Like infinity, it represents something that can never truly exist, yet most of us talk about it as if it does. How often have you heard a friend or coworker say they don’t want to put their name on anything that is not “perfect”?
40 years ago, Nadia Comaneci became the first gymnast to score a perfect “10” in an Olympic gymnastics event, breaking the paradigm that perfection was unattainable.
Is it possible to create perfection in our website testing?
For the athlete, achieving perfection is all about maximizing the output of their body and mind, while achieving more than anyone ever has before. These same principles can be applied to something as simple as website A/B testing. By carefully designing and running a test, then building upon what you have learned to improve your CRO, you can continue to raise your personal bar of success.
In other words, perfection is really a process.
The Process of Perfection
Look at your website testing as a continuous process, not an end in and of itself, and the idea of achieving perfection becomes a little bit less daunting.
“Perfection is attained by slow degrees; it requires the hand of time” – Voltaire
Let’s take a look at some of the fundamental elements of the A/B testing process that are often overlooked. Think of them as some of the building blocks of perfection.
1. The Foundation
Michael Phelps didn’t just set down the potato chips and roll off of his couch to win 18 gold medals. His training included around 50 miles of swimming per week, along with a strict diet, strength and flexibility training.

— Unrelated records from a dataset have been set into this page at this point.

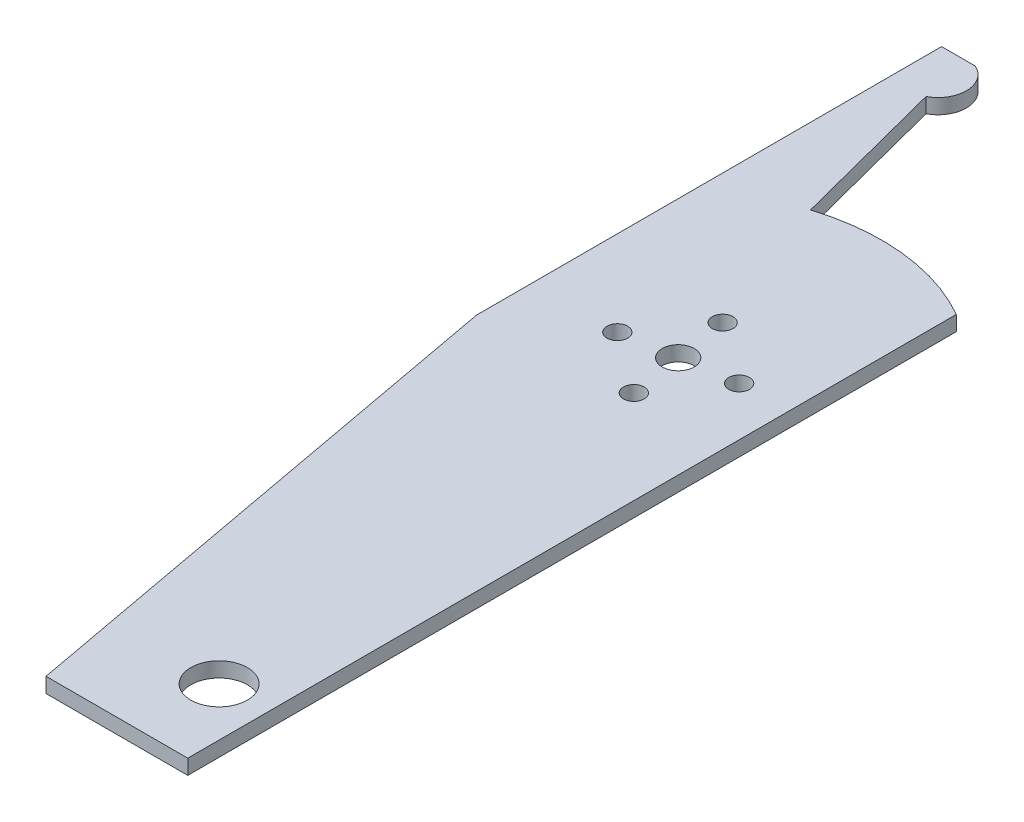
from build123d import *

# Parameters (mm, degrees)
SKETCH1_W           = 50.8
SKETCH1_H           = 210.82
BOSS_EXTRUDE1_DEPTH = 3.175
SKETCH3_R           = 2.2
SKETCH3_R_2         = 3.4
CUT_EXTRUDE1_DEPTH  = 10
SKETCH4_R           = 6
CUT_EXTRUDE2_DEPTH  = 10
CUT_EXTRUDE3_DEPTH  = 10
CUT_EXTRUDE4_DEPTH  = 10


with BuildPart() as part:
    # Sketch1 → Boss-Extrude1 (new body)
    with BuildSketch(Plane(origin=(0, 0, 0), x_dir=(1, 0, 0), z_dir=(0, 1, 0))):
        with Locations((25.4, 105.41)):
            Rectangle(SKETCH1_W, SKETCH1_H)
    extrude(amount=BOSS_EXTRUDE1_DEPTH)

    # Sketch3 → Cut-Extrude1 (cut)
    with BuildSketch(Plane(origin=(0, 3.175, 0), x_dir=(1, 0, 0), z_dir=(0, 1, 0))):
        with Locations((40.436382398, 127.409055369)):
            Circle(SKETCH3_R)
        with Locations((31.011747722, 114.479389432)):
            Circle(SKETCH3_R)
        with Locations((27.506716462, 136.833690045)):
            Circle(SKETCH3_R)
        with Locations((18.082081786, 123.904024108)):
            Circle(SKETCH3_R)
        with Locations((29.24402398, 125.665002942)):
            Circle(SKETCH3_R_2)
    extrude(amount=-CUT_EXTRUDE1_DEPTH, mode=Mode.SUBTRACT)

    # Sketch4 → Cut-Extrude2 (cut)
    with BuildSketch(Plane(origin=(0, 3.175, 0), x_dir=(1, 0, 0), z_dir=(0, 1, 0))):
        with Locations((40.462848215, 16.98892711)):
            Circle(SKETCH4_R)
    extrude(amount=-CUT_EXTRUDE2_DEPTH, mode=Mode.SUBTRACT)

    # Sketch5 → Cut-Extrude3 (cut)
    with BuildSketch(Plane(origin=(0, 0, 0), x_dir=(-1, 0, 0), z_dir=(0, -1, 0))):
        with BuildLine():
            Line((-16.120921706, 166.862226245), (-7.525055385, 199.996914142))
            ThreePointArc((-7.525055385, 199.996914142), (-10.579997408, 206.740664821), (-4.755854581, 211.311245125))
            Line((-4.755854581, 211.311245125), (-7.505915916, 216.509880967))
            Line((-7.505915916, 216.509880967), (-63.327308136, 213.910563046))
            Line((-63.327308136, 213.910563046), (-59.209477183, 156.833875805))
            ThreePointArc((-59.209477183, 156.833875805), (-39.044949923, 167.776389429), (-16.120921706, 166.862226245))
        make_face()
    extrude(amount=-CUT_EXTRUDE3_DEPTH, mode=Mode.SUBTRACT)

    # Sketch2 → Cut-Extrude4 (cut)
    with BuildSketch(Plane(origin=(0, 3.175, 0), x_dir=(1, 0, 0), z_dir=(0, 1, 0))):
        Polygon((20.706614545, 0), (0, 112.090145889), (0, 0), align=None)
    extrude(amount=-CUT_EXTRUDE4_DEPTH, mode=Mode.SUBTRACT)


solid = part.part
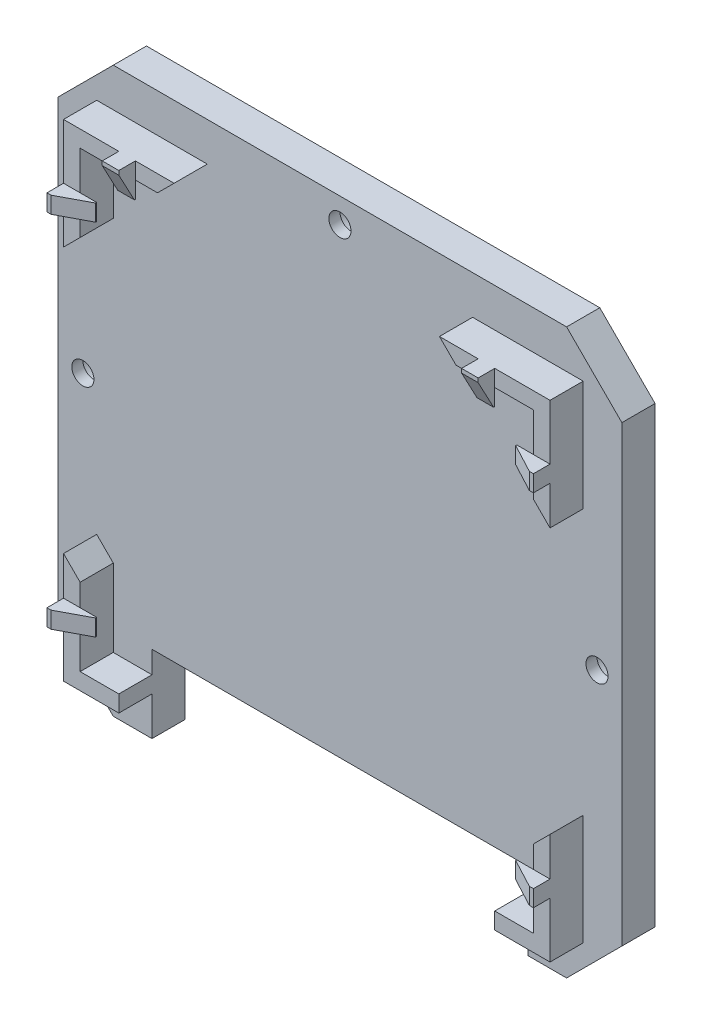
from build123d import *
from OCP.BRepFilletAPI import BRepFilletAPI_MakeChamfer

# Parameters (mm, degrees)
BOSS_EXTRU_1_DEPTH           = 3
BOSS_EXTRU_2_DEPTH           = 3
ENL_V_MAT_EXTRU_1_DEPTH      = 69.745908969
ENL_V_MAT_EXTRU_1_DEPTH_BACK = 69.745908969
ESQUISSE3_W                  = 34
ESQUISSE3_H                  = 7
ESQUISSE4_R                  = 1.75
ENL_V_MAT_EXTRU_2_DEPTH      = 2
ESQUISSE5_R                  = 1
ENL_V_MAT_EXTRU_3_DEPTH      = 1
ESQUISSE6_W                  = 1.5
ESQUISSE6_H                  = 3
ESQUISSE6_W_2                = 3
ESQUISSE6_H_2                = 1.5
BOSS_EXTRU_3_DEPTH           = 1.5
CHANFREIN1_SIZE              = 1.4
CHANFREIN1_SIZE2             = 2.633017051
SYM_TRIE1_START              = 3.5
SYM_TRIE1_DEPTH              = 1.5


# Read off the part's stored shape, not the designer's step: Symétrie1
with BuildPart() as part:
    # Esquisse1 → Boss.-Extru.1 (new body)
    with BuildSketch(Plane.XY):
        Polygon((0, 0), (5, -5), (46, -5), (51, 0), (51, 41), (46, 46), (5, 46), (0, 41), align=None)
    extrude(amount=BOSS_EXTRU_1_DEPTH)

    # Esquisse2 → Boss.-Extru.2 (add)
    with BuildSketch(Plane.XY.offset(3)):
        Polygon((5, 41), (5, 34), (3.5, 32.5), (3.5, 42.5), (13.5, 42.5), (12, 41), align=None)
        Polygon((3.5, -1.5), (13.5, -1.5), (12, 0), (5, 0), (5, 7), (3.5, 8.5), align=None)
        Polygon((47.5, 42.5), (47.5, 32.5), (46, 34), (46, 41), (39, 41), (37.5, 42.5), align=None)
        Polygon((46, 7), (46, 0), (39, 0), (37.5, -1.5), (47.5, -1.5), (47.5, 8.5), align=None)
    extrude(amount=BOSS_EXTRU_2_DEPTH)

    # Esquisse3 → Enlèv. mat.-Extru.1 (cut, two sides: drawn at the far end of the back side and taken through both)
    with BuildSketch(Plane.XY.offset(3).offset(-ENL_V_MAT_EXTRU_1_DEPTH_BACK)):
        with Locations((25.5, -1.5)):
            Rectangle(ESQUISSE3_W, ESQUISSE3_H)
    extrude(amount=ENL_V_MAT_EXTRU_1_DEPTH + ENL_V_MAT_EXTRU_1_DEPTH_BACK, mode=Mode.SUBTRACT)

    # Esquisse4 → Enlèv. mat.-Extru.2 (cut)
    with BuildSketch(Plane(origin=(0, 0, 0), x_dir=(-1, 0, 0), z_dir=(0, 0, -1))):
        with Locations((-25.5, 43.75)):
            Circle(ESQUISSE4_R)
        with Locations((-48.75, 20.5)):
            Circle(ESQUISSE4_R)
        with Locations((-2.25, 20.5)):
            Circle(ESQUISSE4_R)
    extrude(amount=-ENL_V_MAT_EXTRU_2_DEPTH, mode=Mode.SUBTRACT)

    # Esquisse5 → Enlèv. mat.-Extru.3 (cut)
    with BuildSketch(Plane(origin=(0, 0, 2), x_dir=(-1, 0, 0), z_dir=(0, 0, -1))):
        with Locations((-25.5, 43.75)):
            Circle(ESQUISSE5_R)
        with Locations((-2.25, 20.5)):
            Circle(ESQUISSE5_R)
        with Locations((-48.75, 20.5)):
            Circle(ESQUISSE5_R)
    extrude(amount=-ENL_V_MAT_EXTRU_3_DEPTH, mode=Mode.SUBTRACT)

    # Esquisse6 → Boss.-Extru.3 (add)
    with BuildSketch(Plane.XY.offset(6)):
        with Locations((9.25, 41)):
            Rectangle(ESQUISSE6_W, ESQUISSE6_H)
        with Locations((41.75, 41)):
            Rectangle(ESQUISSE6_W, ESQUISSE6_H)
        with Locations((5, 36.75)):
            Rectangle(ESQUISSE6_W_2, ESQUISSE6_H_2)
        with Locations((46, 36.75)):
            Rectangle(ESQUISSE6_W_2, ESQUISSE6_H_2)
    extrude(amount=BOSS_EXTRU_3_DEPTH)

    # Chanfrein1: one chamfer whose edges measure the first distance from different faces: ONE call of the kernel's chamfer builder (chamfer() names one face for all edges)
    chanfrein1_edges_1 = [part.edges().sort_by_distance(p)[0] for p in [
        (9.25, 39.5, 7.5),
    ]]
    chanfrein1_side_1 = [part.faces().sort_by_distance(p)[0] for p in [
        (9.25, 39.5, 6.75),
    ]]
    chanfrein1_edges_2 = [part.edges().sort_by_distance(p)[0] for p in [
        (41.75, 39.5, 7.5),
    ]]
    chanfrein1_side_2 = [part.faces().sort_by_distance(p)[0] for p in [
        (41.75, 39.5, 6.75),
    ]]
    chanfrein1_edges_3 = [part.edges().sort_by_distance(p)[0] for p in [
        (6.5, 36.75, 7.5),
    ]]
    chanfrein1_side_3 = [part.faces().sort_by_distance(p)[0] for p in [
        (6.5, 36.75, 6.75),
    ]]
    chanfrein1_edges_4 = [part.edges().sort_by_distance(p)[0] for p in [
        (44.5, 36.75, 7.5),
    ]]
    chanfrein1_side_4 = [part.faces().sort_by_distance(p)[0] for p in [
        (44.5, 36.75, 6.75),
    ]]
    chanfrein1 = BRepFilletAPI_MakeChamfer(part.part.solid().wrapped)
    for e in chanfrein1_edges_1:
        chanfrein1.Add(CHANFREIN1_SIZE, CHANFREIN1_SIZE2, e.wrapped, chanfrein1_side_1[0].wrapped)  # the first distance lies on this face
    for e in chanfrein1_edges_2:
        chanfrein1.Add(CHANFREIN1_SIZE, CHANFREIN1_SIZE2, e.wrapped, chanfrein1_side_2[0].wrapped)  # the first distance lies on this face
    for e in chanfrein1_edges_3:
        chanfrein1.Add(CHANFREIN1_SIZE, CHANFREIN1_SIZE2, e.wrapped, chanfrein1_side_3[0].wrapped)  # the first distance lies on this face
    for e in chanfrein1_edges_4:
        chanfrein1.Add(CHANFREIN1_SIZE, CHANFREIN1_SIZE2, e.wrapped, chanfrein1_side_4[0].wrapped)  # the first distance lies on this face
    add(Compound.cast(chanfrein1.Shape()), mode=Mode.REPLACE)

    # Symétrie1 outline → Symétrie1 (add)
    with BuildSketch(Plane(origin=(0, 0, 0), x_dir=(1, 0, 0), z_dir=(0, 1, 0)).offset(SYM_TRIE1_START)):
        Polygon((3.5, -6), (3.5, -7.5), (3.866982949, -7.5), (6.5, -6.1), (6.5, -6), align=None)
        Polygon((47.5, -6), (44.5, -6), (44.5, -6.1), (47.133017051, -7.5), (47.5, -7.5), align=None)
    extrude(amount=SYM_TRIE1_DEPTH)


solid = part.part
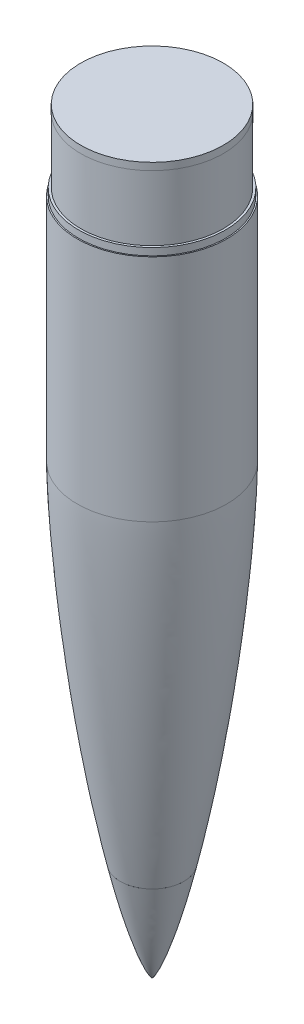
from build123d import *

# Parameters (mm, degrees)
SHELL3_T              = -3
REVOLVE10_START       = 309.892338598
REVOLVE10_OUTLINE_R   = 51.703475653
REVOLVE10_OUTLINE_R_2 = 49.33
REVOLVE10_DEPTH       = 158.88
SKETCH19_W            = 5
SKETCH19_H            = 49.34319438
SKETCH19_W_2          = 44.469592032
SKETCH19_H_2          = 5


# Read off the part's stored shape, not the designer's step: Revolve6, Revolve10, Revolve12
with BuildPart() as part:
    # Sketch1 → Revolve2 (revolve)
    with BuildSketch(Plane.YZ):
        with BuildLine():
            Line((68.892338598, 22.03669608), (68.892338598, 0))
            Line((68.892338598, 0), (309.892338598, 0))
            Line((309.892338598, 0), (309.892338598, 51.703475653))
            add(Edge.make_bspline(
                [(68.892338598, 22.036696078), (70.96416969, 22.497415108), (77.876502823, 24.010245465), (89.654701691, 26.457883592), (106.334645431, 29.655747436), (125.853639326, 33.065816617), (145.420783183, 36.187092783), (165.028645768, 39.040695578), (184.671859186, 41.639540014), (201.886997195, 43.696336538), (216.660371523, 45.304357577), (228.982426726, 46.53899565), (238.846350049, 47.46204834), (248.71628369, 48.318358048), (258.592017893, 49.104905531), (267.23821101, 49.728348294), (274.652658501, 50.212563982), (280.833617265, 50.579677684), (285.779727539, 50.849965544), (290.549374247, 51.086062909), (295.142398502, 51.288398084), (299.028855922, 51.436861373), (302.20824599, 51.540979), (304.858146787, 51.614171697), (306.713295392, 51.656552534), (308.236897063, 51.68463502), (309.230482405, 51.697083627), (309.693947311, 51.702090464), (309.892338598, 51.703475653)],
                knots=[0.230016032, 0.230016032, 0.230016032, 0.230016032, 0.230016032, 0.256872057, 0.319550184, 0.382228361, 0.444906455, 0.507584556, 0.570262684, 0.632940739, 0.695618764, 0.726957916, 0.758297067, 0.78963614, 0.820975213, 0.852314205, 0.883653198, 0.899322747, 0.914992297, 0.930661847, 0.946331397, 0.959748547, 0.973165698, 0.979874274, 0.986582849, 0.993291425, 0.996645712, 0.999156098, 0.999156098, 0.999156098, 0.999156098, 0.999156098], degree=4))
        make_face()
    revolve(axis=Axis((0, 0, 0), (0, 1, 0)))

    # Shell3
    shell3_openings = [part.faces().sort_by_distance(p)[0] for p in [
        (0, 309.892338598, 0),
        (0, 68.892338598, 0),
    ]]
    offset(amount=SHELL3_T, openings=shell3_openings, kind=Kind.INTERSECTION)

    # Sketch4 → Revolve5 (revolve)
    with BuildSketch(Plane(origin=(0, 0, 0), x_dir=(0, 1, 0), z_dir=(0, 0, 1)), mode=Mode.PRIVATE) as revolve5_sk:
        with BuildLine():
            add(Edge.make_bspline(
                [(118.892338598, 31.821069636), (118.193769239, 31.700420222), (112.61470459, 30.732647056), (102.165796478, 28.856499456), (89.654701691, 26.457883592), (77.876502823, 24.010245465), (70.96416969, 22.497415108), (68.892338598, 22.036696078)],
                knots=[0.607957601, 0.607957601, 0.607957601, 0.607957601, 0.607957601, 0.616927738, 0.679605914, 0.742284041, 0.769140067, 0.769140067, 0.769140067, 0.769140067, 0.769140067], degree=4))
            Line((68.892338598, 22.036696078), (68.892338598, 5.2))
            Line((68.892338598, 5.2), (83.892338598, 5.2))
            Line((83.892338598, 5.2), (118.892338598, 31.821069636))
        make_face()
    revolve(revolve5_sk.sketch.rotate(Axis((0, 0, 0), (0, 1, 0)), 90), axis=Axis((0, 0, 0), (0, 1, 0)))


with BuildPart() as body_2:
    # Sketch1<3> → Revolve3 (revolve)
    with BuildSketch(Plane.YZ):
        with BuildLine():
            add(Edge.make_bspline(
                [(0, 0), (0.001839143, 0.008888702), (0.007057294, 0.026188991), (0.022910311, 0.058976608), (0.056830094, 0.115635308), (0.108445486, 0.185649019), (0.191042047, 0.282917967), (0.316816673, 0.41262197), (0.508591814, 0.58839974), (0.830391435, 0.850120888), (1.372217083, 1.239564322), (2.325596475, 1.842085487), (4.024603962, 2.778864407), (6.971087135, 4.18782688), (11.987547002, 6.266678684), (20.509596689, 9.321209841), (33.015491366, 13.174452663), (46.931080328, 16.901757504), (58.537509164, 19.698426631), (66.128829141, 21.422166545), (68.892338598, 22.036696078)],
                knots=[0, 0, 0, 0, 0, 0.000114554, 0.000229109, 0.000458218, 0.000835627, 0.001213037, 0.001843102, 0.00274275, 0.0041256, 0.006458657, 0.010281417, 0.017005475, 0.028661401, 0.04776443, 0.078962988, 0.131516009, 0.194194154, 0.230016032, 0.230016032, 0.230016032, 0.230016032, 0.230016032], degree=4))
            Line((0, 0), (68.892338598, 0))
            Line((68.892338598, 0), (68.892338598, 22.03669608))
        make_face()
    revolve(axis=Axis((0, 0, 0), (0, 1, 0)))

    # Sketch6 → M10x1.5 Tapped Hole1 (revolve, cut)
    with BuildSketch(Plane(origin=(0, 68.892338598, 0), x_dir=(0, 0, 1), z_dir=(1, 0, 0))):
        Polygon((0, 0), (0, 27.053657631), (4.25, 24.5), (4.25, 0.775), (5.025, 0), align=None)
    revolve(axis=Axis((0, 75.242338598, 0), (0, -1, 0)), mode=Mode.SUBTRACT)


with BuildPart() as body_3:
    # Revolve6 outline → Revolve6 (revolve)
    with BuildSketch(Plane.XY):
        Polygon((50.68012246, 291.115771676), (49.33, 291.115771676), (49.33, 289.615771676), (50.854, 289.615771676), align=None)
    revolve(axis=Axis((0, 0, 0), (0, 1, 0)))


with BuildPart() as body_4:
    # Revolve6 2 outline → Revolve6 2 (revolve)
    with BuildSketch(Plane.XY):
        with BuildLine():
            Line((49.33, 302.762955592), (49.33, 391.215771676))
            Line((49.33, 391.215771676), (44.33, 391.215771676))
            Line((44.33, 391.215771676), (44.33, 269.615771676))
            Line((44.33, 269.615771676), (45.290467176, 251.112470655))
            add(Edge.make_bspline(
                [(48.503404584, 309.893796776), (48.501607518, 309.647322483), (48.498591794, 309.391933612), (48.492233128, 308.882202851), (48.48870164, 308.627899118), (48.476869482, 307.864628655), (48.467370215, 307.354464604), (48.435756692, 305.821248175), (48.41059902, 304.797655619), (48.325509692, 301.725239655), (48.25650989, 299.674249317), (48.022990749, 293.520023966), (47.832046231, 289.414629796), (47.182795728, 277.098702182), (46.648163913, 268.888283124), (45.799963937, 257.491621794), (45.550794374, 254.301693735), (45.290467176, 251.112470655)],
                knots=[0, 0, 0, 0, 0.00390625, 0.00390625, 0.0078125, 0.0078125, 0.015625, 0.015625, 0.03125, 0.03125, 0.0625, 0.0625, 0.125, 0.125, 0.25, 0.25, 0.298600031, 0.298600031, 0.298600031, 0.298600031], degree=3))
            Line((48.503404584, 309.893796776), (49.33, 302.762955592))
        make_face()
    revolve(axis=Axis((0, 0, 0), (0, 1, 0)))

    # Revolve10 outline → Revolve10 (add)
    with BuildSketch(Plane(origin=(0, 0, 0), x_dir=(1, 0, 0), z_dir=(0, 1, 0)).offset(REVOLVE10_START)):
        Circle(REVOLVE10_OUTLINE_R)
        Circle(REVOLVE10_OUTLINE_R_2, mode=Mode.SUBTRACT)
    extrude(amount=REVOLVE10_DEPTH)


with BuildPart() as body_5:
    # Sketch19 → Revolve11 (revolve)
    with BuildSketch(Plane(origin=(0, 0, 0), x_dir=(0, 1, 0), z_dir=(0, 0, 1)), mode=Mode.PRIVATE) as revolve11_sk:
        with Locations((521.276566922, 24.67159719)):
            Rectangle(SKETCH19_W, SKETCH19_H)
        with Locations((496.541770906, 41.59319438)):
            Rectangle(SKETCH19_W_2, SKETCH19_H_2)
    revolve(revolve11_sk.sketch.rotate(Axis((0, -29.806304847, 0), (0, 1, 0)), 270), axis=Axis((0, -29.806304847, 0), (0, 1, 0)))


with BuildPart() as body_6:
    # Revolve12 outline → Revolve12 (revolve)
    with BuildSketch(Plane.XY):
        Polygon((49.34319438, 518.776566922), (44.34319438, 518.776566922), (44.34319438, 468.772338598), (44.33, 391.215771676), (49.33, 391.215771676), (49.34319438, 468.772338598), (50.854, 468.772338598), (50.854, 473.772338598), (49.34319438, 473.772338598), align=None)
    revolve(axis=Axis((0, 0, 0), (0, 1, 0)))


solid = Compound([part.part, body_2.part, body_3.part, body_4.part, body_5.part, body_6.part])

While intense and specific training provides a foundation for an athlete’s success, there are a couple of key elements that lay the groundwork for a successful A/B test.
Deciding What to Test
Before you spend any time and effort performing an A/B test, it is important to choose the right element of your website to test, and to create a meaningful new variation with which to compare it.
Take a close look at any analytics data you may have available, and carefully study the trends. Heatmaps are an incredible tool for understanding where your customers’ eyes and mouse have been traveling.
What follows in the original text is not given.